I'm very curious for your experiences and advice. 

Many thanks!

--shawnee at echo valley farm


----------



## KSALguy (Feb 14, 2006)

if it is truely a bamboo then its edible, rabbits will eat it goats should eat it, i would LOVE a stand of bamboo to be able to cut from to feed my rabbit colony all winter,


----------



## gracie88 (May 29, 2007)

It's not a true bamboo, however, it is supposed to be edible and goats may be your best bet at controlling it.


----------



## Briza (Aug 11, 2009)

But they cannot thrive on that alone which means you are taking on care and feeding and housing and fencing and worming and etc of a creature you will have to study and experience for years to learn to do well with.

The goats will not pressure it enough to kill it or even set it back much unless you make them go hungry.

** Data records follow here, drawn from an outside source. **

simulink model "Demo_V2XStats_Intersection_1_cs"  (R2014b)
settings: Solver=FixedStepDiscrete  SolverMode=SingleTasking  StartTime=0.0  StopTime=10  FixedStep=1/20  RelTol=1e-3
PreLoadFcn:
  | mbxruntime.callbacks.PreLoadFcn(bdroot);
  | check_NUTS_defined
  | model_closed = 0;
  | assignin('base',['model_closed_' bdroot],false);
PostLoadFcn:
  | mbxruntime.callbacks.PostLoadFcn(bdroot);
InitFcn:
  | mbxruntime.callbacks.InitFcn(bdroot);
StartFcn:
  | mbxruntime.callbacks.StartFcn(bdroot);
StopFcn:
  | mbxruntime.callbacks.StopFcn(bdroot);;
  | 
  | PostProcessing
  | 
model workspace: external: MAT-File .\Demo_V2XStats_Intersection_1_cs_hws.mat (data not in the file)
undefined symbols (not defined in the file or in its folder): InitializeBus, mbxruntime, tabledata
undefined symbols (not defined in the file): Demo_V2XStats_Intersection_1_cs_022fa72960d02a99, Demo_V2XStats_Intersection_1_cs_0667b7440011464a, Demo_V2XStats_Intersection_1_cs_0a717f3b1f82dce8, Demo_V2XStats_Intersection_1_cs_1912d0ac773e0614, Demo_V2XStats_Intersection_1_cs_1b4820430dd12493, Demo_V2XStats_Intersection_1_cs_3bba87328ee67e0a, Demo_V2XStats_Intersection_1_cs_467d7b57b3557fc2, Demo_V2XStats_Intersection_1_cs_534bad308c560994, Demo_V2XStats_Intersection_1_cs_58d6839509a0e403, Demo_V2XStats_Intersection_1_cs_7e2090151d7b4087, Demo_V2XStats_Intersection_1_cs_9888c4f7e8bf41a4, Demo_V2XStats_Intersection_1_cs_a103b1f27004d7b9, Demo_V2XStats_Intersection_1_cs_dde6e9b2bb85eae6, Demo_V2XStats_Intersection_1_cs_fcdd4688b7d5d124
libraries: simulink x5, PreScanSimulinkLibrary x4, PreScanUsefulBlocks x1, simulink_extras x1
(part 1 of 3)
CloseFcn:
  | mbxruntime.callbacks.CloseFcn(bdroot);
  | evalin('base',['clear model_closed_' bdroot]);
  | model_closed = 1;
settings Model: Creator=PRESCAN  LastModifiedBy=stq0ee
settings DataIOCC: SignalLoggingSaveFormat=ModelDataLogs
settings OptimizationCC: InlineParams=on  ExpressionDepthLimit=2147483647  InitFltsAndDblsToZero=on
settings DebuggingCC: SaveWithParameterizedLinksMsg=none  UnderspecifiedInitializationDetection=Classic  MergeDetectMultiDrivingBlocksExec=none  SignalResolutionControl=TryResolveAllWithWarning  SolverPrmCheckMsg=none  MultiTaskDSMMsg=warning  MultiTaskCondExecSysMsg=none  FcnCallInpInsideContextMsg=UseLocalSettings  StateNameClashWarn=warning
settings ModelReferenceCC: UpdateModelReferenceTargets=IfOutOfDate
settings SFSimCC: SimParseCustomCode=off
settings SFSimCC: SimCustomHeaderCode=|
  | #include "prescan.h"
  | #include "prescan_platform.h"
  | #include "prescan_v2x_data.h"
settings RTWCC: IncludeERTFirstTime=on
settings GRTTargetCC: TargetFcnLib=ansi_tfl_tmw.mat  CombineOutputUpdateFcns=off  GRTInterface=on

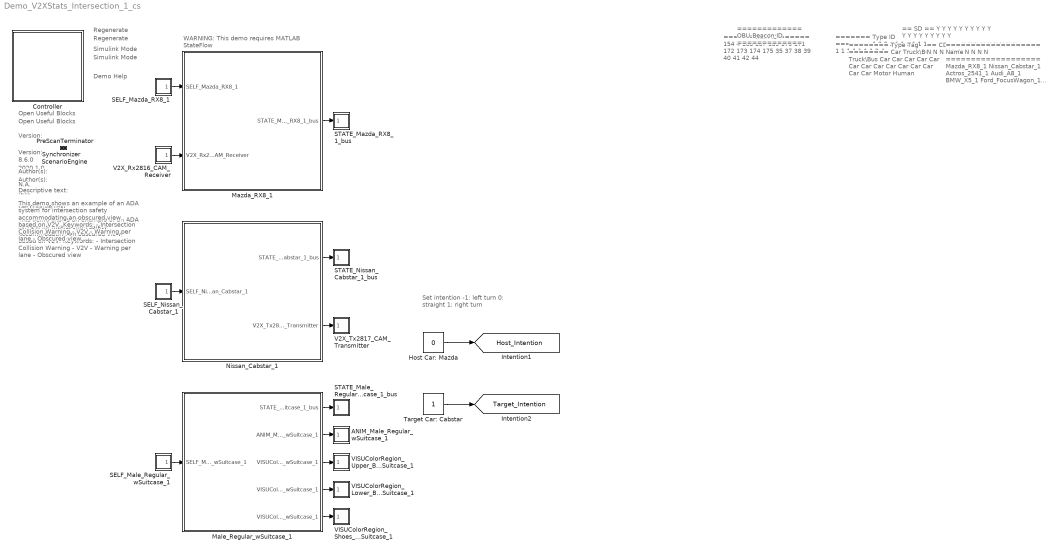
== system Demo_V2XStats_Intersection_1_cs ==
  note: Regenerate
  note: Simulink Mode
  note: Open Useful Blocks
  note: 2020.1.0
  note: Version:
  note: Author(s):
  note: N.A.
  note: Descriptive text:
  note: This demo shows an example of an
      | ADA system for intersection
      | safety accommodating an obscured
      | view, based on V2V.
      |
      |
      |
      | Keywords:
      |
      | - Intersection Collision Warning
      |
      | - V2V
      |
      | - Warning per lane
      |
      | - Obscured view
  note: 8.6.0
  note: Demo Help
  note: WARNING:
      | This demo requires MATLAB StateFlow
  note: Set intention
      | -1: left turn
      | 0: straight
      | 1: right turn
  note: This demo shows an example of an
      | ADA system for intersection
      | safety accommodating an obscured
      | view, based on V2V.
      |
      |
      |
      | Keywords:
      |
      | - Intersection Collision Warning
      |
      | - V2V
      |
      | - Warning per lane
      |
      | - Obscured view
  note: Descriptive text:
  note: N.A.
  note: Author(s):
  note: Version:
  note: Open Useful Blocks
  note: Simulink Mode
  note: Regenerate
  note: ======
      | Num ID
      | ======
      | 154
      | 4
      | 168
      | 167
      | 169
      | 170
      | 171
      | 172
      | 173
      | 174
      | 175
      | 35
      | 37
      | 38
      | 39
      | 40
      | 41
      | 42
      | 44
  note: =============
      | OBU-Beacon ID
      | =============
  note: =======
      | Type ID
      | =======
      | 1
      | 3
      | 3
      | 1
      | 1
      | 1
      | 1
      | 1
      | 1
      | 1
      | 1
      | 1
      | 1
      | 1
      | 1
      | 1
      | 1
      | 2
      | 4
  note: ========
      | Type Tag
      | ========
      | Car
      | Truck\Bus
      | Truck\Bus
      | Car
      | Car
      | Car
      | Car
      | Car
      | Car
      | Car
      | Car
      | Car
      | Car
      | Car
      | Car
      | Car
      | Car
      | Motor
      | Human
  note: ==
      | SD
      | ==
      | Y
      | Y
      | Y
      | Y
      | Y
      | Y
      | Y
      | Y
      | Y
      | Y
      | Y
      | Y
      | Y
      | Y
      | Y
      | Y
      | Y
      | Y
      | Y
  note: ==
      | CD
      | ==
      | N
      | N
      | N
      | N
      | N
      | N
      | N
      | N
      | N
      | N
      | N
      | N
      | N
      | N
      | N
      | N
      | N
      | N
      | N
  note: ===================
      | Name
      | ===================
      | Mazda_RX8_1
      | Nissan_Cabstar_1
      | Actros_2541_1
      | Audi_A8_1
      | BMW_X5_1
      | Ford_FocusWagon_1
      | Fiat_Bravo_1
      | Toyota_Previa_2
      | Citroen_C3_1
      | BMW_Z3_1
      | Ford_FocusWagon_2
      | Audi_A8_2
      | BMW_X5_2
      | Ford_FocusWagon_3
      | Mazda_RX8_2
      | Mazda_RX8_3
      | Ford_Fiesta_1
      | Honda_Pan_European_1
      | Male_Regular_wSuitcase_1
  ANIM_Male_Regular_wSuitcase_1 : Subsystem  Tag=actuator/AnimationOutport  Priority=0  LoadFcn=load('PreScanAnimActuatorData.mat')  mask(PreScan Sink Block: State Animation){}
      mask help: The Human Animation port allows the human to walk, run or bend
      settings: OpenFcn=open_system([gcb '/Actuator'],'mask')
      mask Help: eval('openHelp(239)')
      mask Display: image(imread('HumanAnimated.jpg'))
  Controller : Subsystem  Description=8A3CD2955739A82C886C20AE3E253D78460D53180EE2C1B14CC08DF75A70BE77  Priority=-1  LoadFcn=load PreScanControllerData  mask(PreScan Simulation Controller){prescanversion='2020.1.0', ModelReferencing=off, TimeStep=1/20, ControlMode=0, PreScanExecutionMode=on, ControllerCount=0, ControllerIndex=0, ControllerOptions=''}
      mask prompts: prescanversion "PreScan Version"; ModelReferencing "Use Model Referencing"; TimeStep "Upload Period [s]"; ControlMode "Control Mode"; PreScanExecutionMode "Execution Mode"; ControllerCount "Controller Count"; ControllerIndex "Controller Index"; ControllerOptions "Controller Options"
      mask help:
      | Please do not remove this block from the compilation sheet,
      | as it connects the model to the PreScan environment.
      mask init:
      | model = bdroot(gcb);
      | ExperimentFile = mbxruntime.findExperimentFile(model,true); %relative path
      | 
      | [d1, d2, d3, prescandata] = prescan_Settings();
      | ModelDepo = fullfile(prescandata,'ModelDepo'); 
      | 
      | RTmode = mbxruntime.getRTMode(model);
      | 
      | SimulationMode = get_param(bdroot,'SimulationMode');
      | if strcmp(SimulationMode, 'rapid-accelerator')
      |     SimulationMode = 'external';
      | end
      | TargetName = get_param(bdroot,'SystemTargetFile');
      settings: ModelCloseFcn=assignin('base',['model_closed_' bdroot],true);
      mask Help: eval('openHelp(812)')
      mask Display: image(imread('prescanlogo.ico'))
  Host Car: Mazda : Constant  Value=0
  Male_Regular_wSuitcase_1 : Subsystem  Tag=WorldObjectSubSystem  InitFcn=UniqueId = '2658';
      mask init:
      | modelPath = GenericModelHelper.getGenericModelFilePath('ModelDepo','Humans\MaleSuitcase\Male_wSuitcase.pgmb','86bcb677b51d2887e0050f1727544e76');imagePath = GenericModelHelper.getCompilationPicture(modelPath, 'MaleSuitcase.png');
      mask Display: image(imread(imagePath));color('white');text(0, 0, ' ID=44\n')
  Mazda_RX8_1 : Subsystem  Tag=WorldObjectSubSystem  InitFcn=UniqueId = '7';
      mask init:
      | modelPath = GenericModelHelper.getGenericModelFilePath('ModelDepo','Vehicles\Mazda_RX8\Mazda_RX8.pgmb','1e55a2e40efa576b7f4fb93bae35d605');imagePath = GenericModelHelper.getCompilationPicture(modelPath, 'Mazda_RX8_HighPoly.png');
      mask Display: image(imread(imagePath));color('white');text(0, 0, ' ID=154\n')
  Nissan_Cabstar_1 : Subsystem  Tag=WorldObjectSubSystem  InitFcn=UniqueId = '10';
      mask init:
      | modelPath = GenericModelHelper.getGenericModelFilePath('ModelDepo','Vehicles\Nissan_Cabstar\Nissan_Cabstar.pgmb','dd076fdae311093c5436e82e6c23dc23');imagePath = GenericModelHelper.getCompilationPicture(modelPath, 'Nissan_Cabstar_HighPoly.png');
      mask Display: image(imread(imagePath));color('white');text(0, 0, ' ID=4\n')
  PreScanTerminator : Subsystem  Tag=PreScanTerminator  Priority=999  LoadFcn=load PrescanTerminatorData  mask(PreScan Simulation Terminator){TimeStep=1/20}
      mask prompts: TimeStep "Upload Period [s]"
      mask help:
      | Please do not remove this block from the compilation sheet as it
      | connects the model to the PreScan environment.
      mask Help: eval('openHelp(812)')
      mask Display: image(imread('prescanlogo.ico'))
  SELF_Male_Regular_wSuitcase_1 : Subsystem  Tag=sensor/SelfPort  Priority=30  LoadFcn=load('PreScanSelfSensorData.mat')  mask(PreScan Source Block: SELF){}
      mask help:
      | The SELF port shows (state) information of the actor itself. The outputs are position in the experiment's axis system and the GPS coordinates, and the object's absolute velocity and compass heading.
      |
      | For more information, please click Help.
      settings: OpenFcn=open_system([gcb '/Sensor'],'mask')
      mask Help: eval('openHelp(462)')
      mask Display: image(imread('GPS.png'))
  SELF_Mazda_RX8_1 : Subsystem  Tag=sensor/SelfPort  Priority=30  LoadFcn=load('PreScanSelfSensorData.mat')  mask(PreScan Source Block: SELF){}
      mask help:
      | The SELF port shows (state) information of the actor itself. The outputs are position in the experiment's axis system and the GPS coordinates, and the object's absolute velocity and compass heading.
      |
      | For more information, please click Help.
      settings: OpenFcn=open_system([gcb '/Sensor'],'mask')
      mask Help: eval('openHelp(462)')
      mask Display: image(imread('GPS.png'))
  SELF_Nissan_Cabstar_1 : Subsystem  Tag=sensor/SelfPort  Priority=30  LoadFcn=load('PreScanSelfSensorData.mat')  mask(PreScan Source Block: SELF){}
      mask help:
      | The SELF port shows (state) information of the actor itself. The outputs are position in the experiment's axis system and the GPS coordinates, and the object's absolute velocity and compass heading.
      |
      | For more information, please click Help.
      settings: OpenFcn=open_system([gcb '/Sensor'],'mask')
      mask Help: eval('openHelp(462)')
      mask Display: image(imread('GPS.png'))
  STATE_Male_Regular_wSuitcase_1_bus : Subsystem  Tag=actuator/StatePort  Priority=0  LoadFcn=load('PreScanStateActuatorData.mat')  mask(PreScan Sink Block: State){}
      mask help:
      | The Actor State contains a vector signal of size (9x1), containing the following signals:
      |
      | -  Position    	(x,y,z)             	[m]
      | -  Velocity    	(vx,vy,vz)         	[m/s]
      | -  Angles       	(Roll, Pitch, Yaw)	[rad]
      |
      | The Actor state is defined in the global axis system.
      | The state is superponed on the Initial position defined in the GUI.
      |
      | For more information, please click Help.
      settings: OpenFcn=open_system([gcb '/Actuator'],'mask')
      mask Help: eval('openHelp(222)')
      mask Display: image(imread('State.png'))
  STATE_Mazda_RX8_1_bus : Subsystem  Tag=actuator/StatePort  Priority=0  LoadFcn=load('PreScanStateActuatorData.mat')  mask(PreScan Sink Block: State){}
      mask help:
      | The Actor State contains a vector signal of size (9x1), containing the following signals:
      |
      | -  Position    	(x,y,z)             	[m]
      | -  Velocity    	(vx,vy,vz)         	[m/s]
      | -  Angles       	(Roll, Pitch, Yaw)	[rad]
      |
      | The Actor state is defined in the global axis system.
      | The state is superponed on the Initial position defined in the GUI.
      |
      | For more information, please click Help.
      settings: OpenFcn=open_system([gcb '/Actuator'],'mask')
      mask Help: eval('openHelp(222)')
      mask Display: image(imread('State.png'))
  STATE_Nissan_Cabstar_1_bus : Subsystem  Tag=actuator/StatePort  Priority=0  LoadFcn=load('PreScanStateActuatorData.mat')  mask(PreScan Sink Block: State){}
      mask help:
      | The Actor State contains a vector signal of size (9x1), containing the following signals:
      |
      | -  Position    	(x,y,z)             	[m]
      | -  Velocity    	(vx,vy,vz)         	[m/s]
      | -  Angles       	(Roll, Pitch, Yaw)	[rad]
      |
      | The Actor state is defined in the global axis system.
      | The state is superponed on the Initial position defined in the GUI.
      |
      | For more information, please click Help.
      settings: OpenFcn=open_system([gcb '/Actuator'],'mask')
      mask Help: eval('openHelp(222)')
      mask Display: image(imread('State.png'))
  ScenarioEngine : Subsystem  Tag=PreScanOpenScenarioBlock  Priority=10  LoadFcn=load PrescanSynchronizeData  mask(PreScan Simulation Core Block){TimeStep=1/20}
      mask prompts: TimeStep "Timestep [s]"
      mask help:
      | Please do not remove this block from the PreScan compilation sheet,
      | as it contains essential configuration parameters for a PreScan simulation.
      settings: DeleteFcn=PreScanBlockDeleteFcn;
      mask Display: image(imread('prescanlogo.ico'))
  Synchronizer : Subsystem  Tag=PreScanSynchronizer  Priority=20  LoadFcn=load PrescanSynchronizeData  mask(PreScan Simulation Core Block){TimeStep=1/20}
      mask prompts: TimeStep "Timestep [s]"
      mask help:
      | Please do not remove this block from the PreScan compilation sheet,
      | as it contains essential configuration parameters for a PreScan simulation.
      settings: DeleteFcn=PreScanBlockDeleteFcn;
      mask Display: image(imread('prescanlogo.ico'))
  Target Car: Cabstar : Constant
  V2X_Rx2816_CAM_Receiver : Subsystem  Tag=sensor/plugin/sfun_V2X_CAM_Receiver  Priority=30  mask(V2X CAM Receiver Block){}
      mask help: V2X Block receiving a CAM message
      settings: OpenFcn=open_system([gcb '/Sensor'],'mask')
      mask Help: eval('openHelp()')
      mask Display: image(imread('V2XR_grayscale.png'))
  V2X_Tx2817_CAM_Transmitter : Subsystem  Tag=actuator/plugin/sfun_V2X_CAM_Transmitter  Priority=0  mask(V2X CAM Transmitter Block){}
      mask help: V2X Block transmitting a CAM message
      settings: OpenFcn=open_system([gcb '/Actuator'],'mask')
      mask Help: eval('openHelp()')
      mask Display: image(imread('V2XT_grayscale.png'))
  VISUColorRegion_Lower_Body_Male_Regular_wSuitcase_1 : Subsystem  Tag=actuator/ColorRegion  Priority=0  LoadFcn=load('PrescanColorData')  mask(PreScan Sink Block: VisuTextureColor){}
      mask help:
      | The VisuTextureColor block provides a way to adapt the color of a vehicle.
      |
      | For more information, please click Help.
      settings: OpenFcn=open_system([gcb '/Actuator'],'mask')
      mask Help: eval('openHelp(230)')
      mask Display: image(imread('TextureColor.png'))
  VISUColorRegion_Shoes_Male_Regular_wSuitcase_1 : Subsystem  Tag=actuator/ColorRegion  Priority=0  LoadFcn=load('PrescanColorData')  mask(PreScan Sink Block: VisuTextureColor){}
      mask help:
      | The VisuTextureColor block provides a way to adapt the color of a vehicle.
      |
      | For more information, please click Help.
      settings: OpenFcn=open_system([gcb '/Actuator'],'mask')
      mask Help: eval('openHelp(230)')
      mask Display: image(imread('TextureColor.png'))
  VISUColorRegion_Upper_Body_Male_Regular_wSuitcase_1 : Subsystem  Tag=actuator/ColorRegion  Priority=0  LoadFcn=load('PrescanColorData')  mask(PreScan Sink Block: VisuTextureColor){}
      mask help:
      | The VisuTextureColor block provides a way to adapt the color of a vehicle.
      |
      | For more information, please click Help.
      settings: OpenFcn=open_system([gcb '/Actuator'],'mask')
      mask Help: eval('openHelp(230)')
      mask Display: image(imread('TextureColor.png'))
  tag scope: Host_Intention=global, Target_Intention=global
  wires:
  Host Car: Mazda/1 -> [Host_Intention]
  Target Car: Cabstar/1 -> [Target_Intention]
  SELF_Nissan_Cabstar_1/1(SELF_Nissan_Cabstar_1) -> Nissan_Cabstar_1/1(SELF_Nissan_Cabstar_1)
  Nissan_Cabstar_1/2(V2X_Tx2817_CAM_Transmitter) -> V2X_Tx2817_CAM_Transmitter/1(V2X_Tx2817_CAM_Transmitter)
  Nissan_Cabstar_1/1(STATE_Nissan_Cabstar_1_bus) -> STATE_Nissan_Cabstar_1_bus/1(STATE_Nissan_Cabstar_1_bus)
  V2X_Rx2816_CAM_Receiver/1(V2X_Rx2816_CAM_Receiver) -> Mazda_RX8_1/2(V2X_Rx2816_CAM_Receiver)
  SELF_Mazda_RX8_1/1(SELF_Mazda_RX8_1) -> Mazda_RX8_1/1(SELF_Mazda_RX8_1)
  Mazda_RX8_1/1(STATE_Mazda_RX8_1_bus) -> STATE_Mazda_RX8_1_bus/1(STATE_Mazda_RX8_1_bus)
  SELF_Male_Regular_wSuitcase_1/1(SELF_Male_Regular_wSuitcase_1) -> Male_Regular_wSuitcase_1/1(SELF_Male_Regular_wSuitcase_1)
  Male_Regular_wSuitcase_1/2(ANIM_Male_Regular_wSuitcase_1) -> ANIM_Male_Regular_wSuitcase_1/1(ANIM_Male_Regular_wSuitcase_1)
  Male_Regular_wSuitcase_1/1(STATE_Male_Regular_wSuitcase_1_bus) -> STATE_Male_Regular_wSuitcase_1_bus/1(STATE_Male_Regular_wSuitcase_1_bus)
  Male_Regular_wSuitcase_1/3(VISUColorRegion_Upper_Body_Male_Regular_wSuitcase_1) -> VISUColorRegion_Upper_Body_Male_Regular_wSuitcase_1/1(VISUColorRegion_Upper_Body_Male_Regular_wSuitcase_1)
  Male_Regular_wSuitcase_1/4(VISUColorRegion_Lower_Body_Male_Regular_wSuitcase_1) -> VISUColorRegion_Lower_Body_Male_Regular_wSuitcase_1/1(VISUColorRegion_Lower_Body_Male_Regular_wSuitcase_1)
  Male_Regular_wSuitcase_1/5(VISUColorRegion_Shoes_Male_Regular_wSuitcase_1) -> VISUColorRegion_Shoes_Male_Regular_wSuitcase_1/1(VISUColorRegion_Shoes_Male_Regular_wSuitcase_1)

== system Demo_V2XStats_Intersection_1_cs/ANIM_Male_Regular_wSuitcase_1 ==
  ANIM_Male_Regular_wSuitcase_1 : Inport  Tag=inport/AnimationOutport  OutDataTypeStr=Bus: PRESCAN_ANIMACTUATORDATA  PortDimensions=1  SampleTime=1/20  BusOutputAsStruct=on
  Actuator : S-Function  FunctionName=sfun_AnimActuator  Parameters=UniqueID, TimeStep  EnableBusSupport=off  mask(PreScan Sink Block: State Animation){UniqueID=2658, TimeStep=1/20}
      mask prompts: UniqueID "Auto-Assigned: Unique ID"; TimeStep "Auto-Assigned: Upload Period [s]"
      mask help: The Human Animation port allows the human to walk, run or bend
      mask Help: eval('openHelp(239)')
      mask Display: image(imread('HumanAnimated.jpg'))
  wires:
  ANIM_Male_Regular_wSuitcase_1/1 -> Actuator/1

== system Demo_V2XStats_Intersection_1_cs/Controller ==
  Terminator : Terminator
  sfun_Controller : S-Function  FunctionName=sfun_Controller  Parameters=SParameter1, SParameter2, SParameter3, SParameter4, SParameter5, SParameter6, SParameter7, SParameter8, SParameter9, SParameter10, SampleTime  EnableBusSupport=off  mask(Legacy Function){SFunctionSpec=void prescan_outputFcn(void** work1, PRESCAN_CONTROLLERDATA y1[1]), SParameter1=uint8([ExperimentFile 0]), SParameter2=uint8([ModelDepo 0]), SParameter3=uint8([ControllerOptions 0]), SParameter4=RTmode, SParameter5=PreScanExecutionMode, SParameter6=ControlMode, SParameter7=ControllerCount, SParameter8=ControllerIndex, SParameter9=uint8([SimulationMode 0]), SParameter10=uint8([TargetName 0]), SampleTime=TimeStep, ShowSpec=on}
      mask prompts: SParameter1 "P1:"; SParameter2 "P2:"; SParameter3 "P3:"; SParameter4 "P4:"; SParameter5 "P5:"; SParameter6 "P6:"; SParameter7 "P7:"; SParameter8 "P8:"; SParameter9 "P9:"; SParameter10 "P10:"; SampleTime "Sample time (-1 for inherited):"; ShowSpec "Display function specification"
      mask help:
      | This block allows you to call the legacy functions specified by the following Legacy Code Tool definition:
      | def.SFunctionName = 'sfun_Controller';
      | def.OutputFcnSpec = 'void prescan_outputFcn(void** work1, PRESCAN_CONTROLLERDATA y1[1])';
      | def.StartFcnSpec = 'void prescan_startFcn(void ** work1, uint8 p1[], uint8 p2[], uint8 p3[], double p4, double p5, double p6, double p7, double p8, uint8 p9[], uint8 p10[])';
      | def.TerminateFcnSpec = 'void prescan_terminateFcn(void** work1)';
      | def.HeaderFiles = {'prescan_controller_data.h', 'prescan_SFunLibrary.h', 'prescan_CreateLogHandler.h', 'prescan_CreateErrorHandler.h', 'prescan_modify.h', 'ModuleDLL.h'};
      | def.SourceFiles = {'prescan_MexLogHandler.c', 'prescan_SimStructErrorHandler.c', 'prescan_LogHandler.c', 'prescan_ErrorHandler.c', 'prescan_Modify.c'};
      | def.HostLibFiles = {'sensorinterfaced.lib'};
      | def.TargetLibFiles = {'sensorinterfaced.so'};
      | def.IncPaths = {'.', 'C:\projects\prescan\rt_vislibrary\vis\..\pimp\include\sensors\InterfaceRTW'};
      | def.SrcPaths = {'C:\projects\prescan\rt_vislibrary\vis\..\pimp\include\sensors\InterfaceRTW', 'C:\projects\prescan\rt_vislibrary\vis\..\pimp\include\sensors\InterfaceRTW\ccurrt'};
      | def.LibPaths = {'C:\\projects\\prescan\\vislibrary_build\lib'};
      | def.SampleTime = 'parameterized';
      mask Help: <p>This block was generated automatically by the Legacy Code Tool. For detailed help on this tool, call<a href="matlab:legacy_code('help')"> legacy_code('help')</a>.</p>
      mask Callback ShowSpec:
      | if strcmp(get_param(gcbh, 'ShowSpec'), 'on')
      |   set_param(gcbh, 'MaskDisplay', sprintf('fprintf(''%s'');', get_param(gcbh, 'SFunctionSpec')));
      | else
      |   set_param(gcbh, 'MaskDisplay', sprintf('fprintf(''%s'');', get_param(gcbh, 'FunctionName')));
      | end
      mask Display: fprintf('void prescan_outputFcn(void** work1, PRESCAN_CONTROLLERDATA y1[1])');
  wires:
  sfun_Controller/1 -> Terminator/1

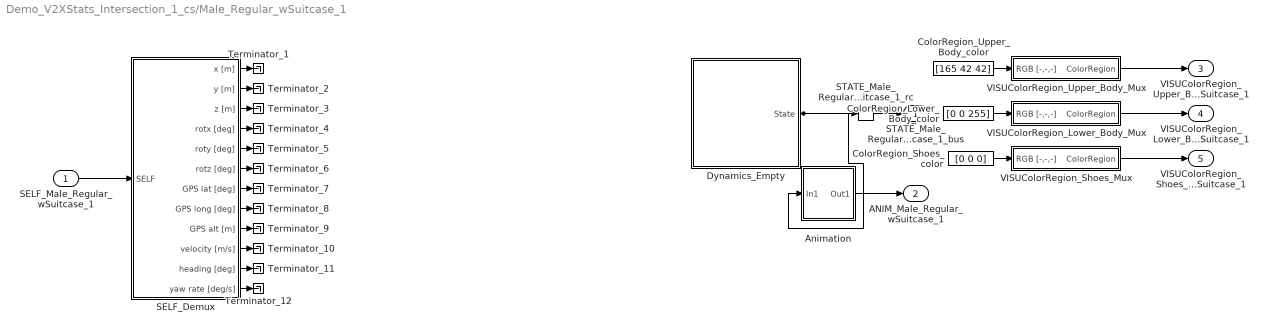
== system Demo_V2XStats_Intersection_1_cs/Male_Regular_wSuitcase_1 ==
  SELF_Male_Regular_wSuitcase_1 : Inport  Tag=inport/SelfPort  OutDataTypeStr=Bus: PRESCAN_SELFSENSORDATA  PortDimensions=1  SampleTime=1/20  BusOutputAsStruct=on
  Animation : Subsystem  Tag=WalkingHumanAnimation  mask(Prescan Conversion Block: Walking Human Animation){TimeStep=1/20}
      mask prompts: TimeStep "Auto-Assigned: Upload Period [s]"
      mask help: The Walking Human Animation block converts the State signal of a human into signals to properly control the animation.
      mask Help: eval('openHelp(239)');
      mask Display: image(imread('HumanAnimated.jpg'))
  ColorRegion_Lower_Body_color : Constant  Tag=VisuLightConst  Value=[0 0 255]
  ColorRegion_Shoes_color : Constant  Tag=VisuLightConst  Value=[0 0 0]
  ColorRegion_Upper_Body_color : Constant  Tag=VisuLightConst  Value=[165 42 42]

Not advisable. This is NOT a good reason to get goats.
B~


----------



## KSALguy (Feb 14, 2006)

if it tasts good they will clean it up with out haveing to make them hungry, i am sure the OP knows that they will have to be taken care of like anything else one might have on a farm, 
goats for cleaning up brush and unwanted vegitation is not a BAD reason to get goats,


----------



## Katey (Oct 1, 2007)

Japanese knotweed is a close relative of rhubarb and the young (up to about 1-foot-tall) shoots can be treated as such in early spring. That said, the mature plant has the same oxalic acid problem that rhubarb leaves have and is therefore toxic to people, and probably goats as well. The only person I know of who has ever gotten rid of the stuff pastured six piglets on it for their entire growing season, and his patch was only about 30 feet wide.


----------



## hillbillly (Jun 28, 2009)

Japanese knotweed


----------



## ShawneeVt (Jan 3, 2005)

yeup, that's the stuff. 

My first priority on the farm is always for the well being of the livestock--which is why I haven't tried to poison away the knotweed in the first place. 

Hoping that goats would be a thoughtful, sustainable, smart way of erradicating the stuff while adding all that goats add to the farm.

Thanks though for the reminder regarding the importance of good nutrition and good fences...never hurts to make sure people know what they're getting into. 

Appreciate the responses 

--shawnee at echo valley farm


----------



## saanengirl (Apr 7, 2009)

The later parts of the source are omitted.